Work task:
Leaving out the pictures, restate each record below word for word.

Start of Information provided

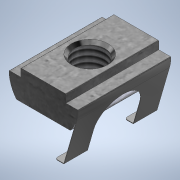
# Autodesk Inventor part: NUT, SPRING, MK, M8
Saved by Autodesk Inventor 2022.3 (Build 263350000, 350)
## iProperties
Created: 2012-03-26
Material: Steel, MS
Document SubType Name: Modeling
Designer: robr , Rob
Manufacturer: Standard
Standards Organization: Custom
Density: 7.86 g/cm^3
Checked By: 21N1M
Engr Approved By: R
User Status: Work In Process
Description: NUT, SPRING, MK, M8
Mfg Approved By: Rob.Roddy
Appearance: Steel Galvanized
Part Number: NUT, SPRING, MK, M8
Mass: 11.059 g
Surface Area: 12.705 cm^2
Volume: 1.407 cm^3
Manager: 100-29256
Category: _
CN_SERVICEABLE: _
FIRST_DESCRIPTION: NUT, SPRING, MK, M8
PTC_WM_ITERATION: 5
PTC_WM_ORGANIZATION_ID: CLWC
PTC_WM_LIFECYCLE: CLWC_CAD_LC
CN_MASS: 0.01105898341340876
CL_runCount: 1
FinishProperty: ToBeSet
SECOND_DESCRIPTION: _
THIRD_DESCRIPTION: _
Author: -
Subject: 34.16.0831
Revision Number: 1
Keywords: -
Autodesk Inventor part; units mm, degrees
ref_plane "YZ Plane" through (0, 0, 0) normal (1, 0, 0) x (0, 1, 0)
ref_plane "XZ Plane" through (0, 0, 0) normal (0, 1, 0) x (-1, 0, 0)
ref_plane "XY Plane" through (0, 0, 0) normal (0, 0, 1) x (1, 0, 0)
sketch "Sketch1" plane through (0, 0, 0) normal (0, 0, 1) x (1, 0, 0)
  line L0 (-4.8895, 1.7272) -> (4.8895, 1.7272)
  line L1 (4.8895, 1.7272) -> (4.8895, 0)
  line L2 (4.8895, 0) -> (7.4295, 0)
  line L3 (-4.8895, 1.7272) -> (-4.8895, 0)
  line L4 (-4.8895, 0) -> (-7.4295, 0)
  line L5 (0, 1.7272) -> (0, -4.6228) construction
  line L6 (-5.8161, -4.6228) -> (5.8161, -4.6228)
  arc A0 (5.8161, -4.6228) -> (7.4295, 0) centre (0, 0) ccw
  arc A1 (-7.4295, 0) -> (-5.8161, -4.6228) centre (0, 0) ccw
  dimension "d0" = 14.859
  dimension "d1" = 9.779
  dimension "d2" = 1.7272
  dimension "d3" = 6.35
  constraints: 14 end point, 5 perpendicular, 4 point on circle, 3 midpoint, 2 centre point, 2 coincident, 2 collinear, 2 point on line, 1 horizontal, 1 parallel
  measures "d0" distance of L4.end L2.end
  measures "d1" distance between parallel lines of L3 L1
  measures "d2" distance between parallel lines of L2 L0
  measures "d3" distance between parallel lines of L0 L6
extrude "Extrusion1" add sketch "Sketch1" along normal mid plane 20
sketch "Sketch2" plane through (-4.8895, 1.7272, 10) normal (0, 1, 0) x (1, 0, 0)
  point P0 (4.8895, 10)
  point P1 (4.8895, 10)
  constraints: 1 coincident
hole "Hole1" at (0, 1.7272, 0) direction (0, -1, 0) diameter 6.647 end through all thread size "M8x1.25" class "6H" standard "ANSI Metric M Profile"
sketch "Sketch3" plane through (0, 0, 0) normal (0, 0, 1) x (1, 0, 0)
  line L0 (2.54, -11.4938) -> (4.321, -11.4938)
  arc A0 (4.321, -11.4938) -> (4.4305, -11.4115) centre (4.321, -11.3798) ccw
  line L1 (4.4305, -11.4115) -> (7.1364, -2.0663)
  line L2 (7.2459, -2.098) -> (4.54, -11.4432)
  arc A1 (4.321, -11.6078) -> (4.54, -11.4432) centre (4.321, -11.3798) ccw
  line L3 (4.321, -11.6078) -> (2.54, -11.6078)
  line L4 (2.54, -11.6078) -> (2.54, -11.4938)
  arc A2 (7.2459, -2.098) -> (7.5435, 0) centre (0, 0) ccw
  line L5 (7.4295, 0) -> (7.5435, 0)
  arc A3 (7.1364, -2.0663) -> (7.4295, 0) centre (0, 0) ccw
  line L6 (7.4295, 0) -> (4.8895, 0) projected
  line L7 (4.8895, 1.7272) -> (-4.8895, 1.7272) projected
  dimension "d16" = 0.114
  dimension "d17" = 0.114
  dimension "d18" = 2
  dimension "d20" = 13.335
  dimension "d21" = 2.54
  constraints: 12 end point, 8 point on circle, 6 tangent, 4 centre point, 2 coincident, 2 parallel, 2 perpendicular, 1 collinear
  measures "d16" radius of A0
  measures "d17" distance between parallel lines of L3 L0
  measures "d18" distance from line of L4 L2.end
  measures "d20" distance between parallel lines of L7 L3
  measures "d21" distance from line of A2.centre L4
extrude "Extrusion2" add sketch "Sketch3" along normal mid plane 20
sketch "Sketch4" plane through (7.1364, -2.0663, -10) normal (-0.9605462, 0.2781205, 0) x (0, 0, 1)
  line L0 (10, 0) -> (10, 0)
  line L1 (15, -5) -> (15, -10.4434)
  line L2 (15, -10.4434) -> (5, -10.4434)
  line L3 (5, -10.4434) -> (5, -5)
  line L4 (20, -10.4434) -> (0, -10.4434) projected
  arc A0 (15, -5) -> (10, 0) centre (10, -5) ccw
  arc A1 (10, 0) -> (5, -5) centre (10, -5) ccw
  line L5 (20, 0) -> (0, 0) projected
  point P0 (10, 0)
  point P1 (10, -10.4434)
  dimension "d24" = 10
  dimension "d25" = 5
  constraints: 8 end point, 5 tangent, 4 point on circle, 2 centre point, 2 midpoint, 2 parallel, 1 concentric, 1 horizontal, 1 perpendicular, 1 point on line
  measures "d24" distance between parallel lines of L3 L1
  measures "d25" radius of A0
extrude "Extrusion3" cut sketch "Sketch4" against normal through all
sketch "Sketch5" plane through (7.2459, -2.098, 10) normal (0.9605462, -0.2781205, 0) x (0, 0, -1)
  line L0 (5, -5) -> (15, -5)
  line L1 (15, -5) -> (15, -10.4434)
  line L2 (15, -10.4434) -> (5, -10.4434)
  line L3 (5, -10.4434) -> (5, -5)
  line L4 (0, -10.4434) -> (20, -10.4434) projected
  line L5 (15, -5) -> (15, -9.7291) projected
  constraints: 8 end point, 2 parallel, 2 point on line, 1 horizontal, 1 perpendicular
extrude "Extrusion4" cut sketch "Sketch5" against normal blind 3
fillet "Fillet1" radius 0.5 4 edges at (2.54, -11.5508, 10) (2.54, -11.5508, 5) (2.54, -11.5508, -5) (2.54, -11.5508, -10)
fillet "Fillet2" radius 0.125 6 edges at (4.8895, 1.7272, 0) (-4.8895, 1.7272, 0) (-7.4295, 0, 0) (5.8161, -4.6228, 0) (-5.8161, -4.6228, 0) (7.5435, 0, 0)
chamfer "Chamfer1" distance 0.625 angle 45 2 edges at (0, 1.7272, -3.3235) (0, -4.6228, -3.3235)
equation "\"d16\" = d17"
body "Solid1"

End of Information provided

Reply to the exercise:
# Autodesk Inventor part: NUT, SPRING, MK, M8
Saved by Autodesk Inventor 2022.3 (Build 263350000, 350)
## iProperties
Created: 2012-03-26
Material: Steel, MS
Document SubType Name: Modeling
Designer: robr , Rob
Manufacturer: Standard
Standards Organization: Custom
Density: 7.86 g/cm^3
Checked By: 21N1M
Engr Approved By: R
User Status: Work In Process
Description: NUT, SPRING, MK, M8
Mfg Approved By: Rob.Roddy
Appearance: Steel Galvanized
Part Number: NUT, SPRING, MK, M8
Mass: 11.059 g
Surface Area: 12.705 cm^2
Volume: 1.407 cm^3
Manager: 100-29256
Category: _
CN_SERVICEABLE: _
FIRST_DESCRIPTION: NUT, SPRING, MK, M8
PTC_WM_ITERATION: 5
PTC_WM_ORGANIZATION_ID: CLWC
PTC_WM_LIFECYCLE: CLWC_CAD_LC
CN_MASS: 0.01105898341340876
CL_runCount: 1
FinishProperty: ToBeSet
SECOND_DESCRIPTION: _
THIRD_DESCRIPTION: _
Author: -
Subject: 34.16.0831
Revision Number: 1
Keywords: -
Autodesk Inventor part; units mm, degrees
ref_plane "YZ Plane" through (0, 0, 0) normal (1, 0, 0) x (0, 1, 0)
ref_plane "XZ Plane" through (0, 0, 0) normal (0, 1, 0) x (-1, 0, 0)
ref_plane "XY Plane" through (0, 0, 0) normal (0, 0, 1) x (1, 0, 0)
sketch "Sketch1" plane through (0, 0, 0) normal (0, 0, 1) x (1, 0, 0)
  line L0 (-4.8895, 1.7272) -> (4.8895, 1.7272)
  line L1 (4.8895, 1.7272) -> (4.8895, 0)
  line L2 (4.8895, 0) -> (7.4295, 0)
  line L3 (-4.8895, 1.7272) -> (-4.8895, 0)
  line L4 (-4.8895, 0) -> (-7.4295, 0)
  line L5 (0, 1.7272) -> (0, -4.6228) construction
  line L6 (-5.8161, -4.6228) -> (5.8161, -4.6228)
  arc A0 (5.8161, -4.6228) -> (7.4295, 0) centre (0, 0) ccw
  arc A1 (-7.4295, 0) -> (-5.8161, -4.6228) centre (0, 0) ccw
  dimension "d0" = 14.859
  dimension "d1" = 9.779
  dimension "d2" = 1.7272
  dimension "d3" = 6.35
  constraints: 14 end point, 5 perpendicular, 4 point on circle, 3 midpoint, 2 centre point, 2 coincident, 2 collinear, 2 point on line, 1 horizontal, 1 parallel
  measures "d0" distance of L4.end L2.end
  measures "d1" distance between parallel lines of L3 L1
  measures "d2" distance between parallel lines of L2 L0
  measures "d3" distance between parallel lines of L0 L6
extrude "Extrusion1" add sketch "Sketch1" along normal mid plane 20
sketch "Sketch2" plane through (-4.8895, 1.7272, 10) normal (0, 1, 0) x (1, 0, 0)
  point P0 (4.8895, 10)
  point P1 (4.8895, 10)
  constraints: 1 coincident
hole "Hole1" at (0, 1.7272, 0) direction (0, -1, 0) diameter 6.647 end through all thread size "M8x1.25" class "6H" standard "ANSI Metric M Profile"
sketch "Sketch3" plane through (0, 0, 0) normal (0, 0, 1) x (1, 0, 0)
  line L0 (2.54, -11.4938) -> (4.321, -11.4938)
  arc A0 (4.321, -11.4938) -> (4.4305, -11.4115) centre (4.321, -11.3798) ccw
  line L1 (4.4305, -11.4115) -> (7.1364, -2.0663)
  line L2 (7.2459, -2.098) -> (4.54, -11.4432)
  arc A1 (4.321, -11.6078) -> (4.54, -11.4432) centre (4.321, -11.3798) ccw
  line L3 (4.321, -11.6078) -> (2.54, -11.6078)
  line L4 (2.54, -11.6078) -> (2.54, -11.4938)
  arc A2 (7.2459, -2.098) -> (7.5435, 0) centre (0, 0) ccw
  line L5 (7.4295, 0) -> (7.5435, 0)
  arc A3 (7.1364, -2.0663) -> (7.4295, 0) centre (0, 0) ccw
  line L6 (7.4295, 0) -> (4.8895, 0) projected
  line L7 (4.8895, 1.7272) -> (-4.8895, 1.7272) projected
  dimension "d16" = 0.114
  dimension "d17" = 0.114
  dimension "d18" = 2
  dimension "d20" = 13.335
  dimension "d21" = 2.54
  constraints: 12 end point, 8 point on circle, 6 tangent, 4 centre point, 2 coincident, 2 parallel, 2 perpendicular, 1 collinear
  measures "d16" radius of A0
  measures "d17" distance between parallel lines of L3 L0
  measures "d18" distance from line of L4 L2.end
  measures "d20" distance between parallel lines of L7 L3
  measures "d21" distance from line of A2.centre L4
extrude "Extrusion2" add sketch "Sketch3" along normal mid plane 20
sketch "Sketch4" plane through (7.1364, -2.0663, -10) normal (-0.9605462, 0.2781205, 0) x (0, 0, 1)
  line L0 (10, 0) -> (10, 0)
  line L1 (15, -5) -> (15, -10.4434)
  line L2 (15, -10.4434) -> (5, -10.4434)
  line L3 (5, -10.4434) -> (5, -5)
  line L4 (20, -10.4434) -> (0, -10.4434) projected
  arc A0 (15, -5) -> (10, 0) centre (10, -5) ccw
  arc A1 (10, 0) -> (5, -5) centre (10, -5) ccw
  line L5 (20, 0) -> (0, 0) projected
  point P0 (10, 0)
  point P1 (10, -10.4434)
  dimension "d24" = 10
  dimension "d25" = 5
  constraints: 8 end point, 5 tangent, 4 point on circle, 2 centre point, 2 midpoint, 2 parallel, 1 concentric, 1 horizontal, 1 perpendicular, 1 point on line
  measures "d24" distance between parallel lines of L3 L1
  measures "d25" radius of A0
extrude "Extrusion3" cut sketch "Sketch4" against normal through all
sketch "Sketch5" plane through (7.2459, -2.098, 10) normal (0.9605462, -0.2781205, 0) x (0, 0, -1)
  line L0 (5, -5) -> (15, -5)
  line L1 (15, -5) -> (15, -10.4434)
  line L2 (15, -10.4434) -> (5, -10.4434)
  line L3 (5, -10.4434) -> (5, -5)
  line L4 (0, -10.4434) -> (20, -10.4434) projected
  line L5 (15, -5) -> (15, -9.7291) projected
  constraints: 8 end point, 2 parallel, 2 point on line, 1 horizontal, 1 perpendicular
extrude "Extrusion4" cut sketch "Sketch5" against normal blind 3
fillet "Fillet1" radius 0.5 4 edges at (2.54, -11.5508, 10) (2.54, -11.5508, 5) (2.54, -11.5508, -5) (2.54, -11.5508, -10)
fillet "Fillet2" radius 0.125 6 edges at (4.8895, 1.7272, 0) (-4.8895, 1.7272, 0) (-7.4295, 0, 0) (5.8161, -4.6228, 0) (-5.8161, -4.6228, 0) (7.5435, 0, 0)
chamfer "Chamfer1" distance 0.625 angle 45 2 edges at (0, 1.7272, -3.3235) (0, -4.6228, -3.3235)
equation "\"d16\" = d17"
body "Solid1"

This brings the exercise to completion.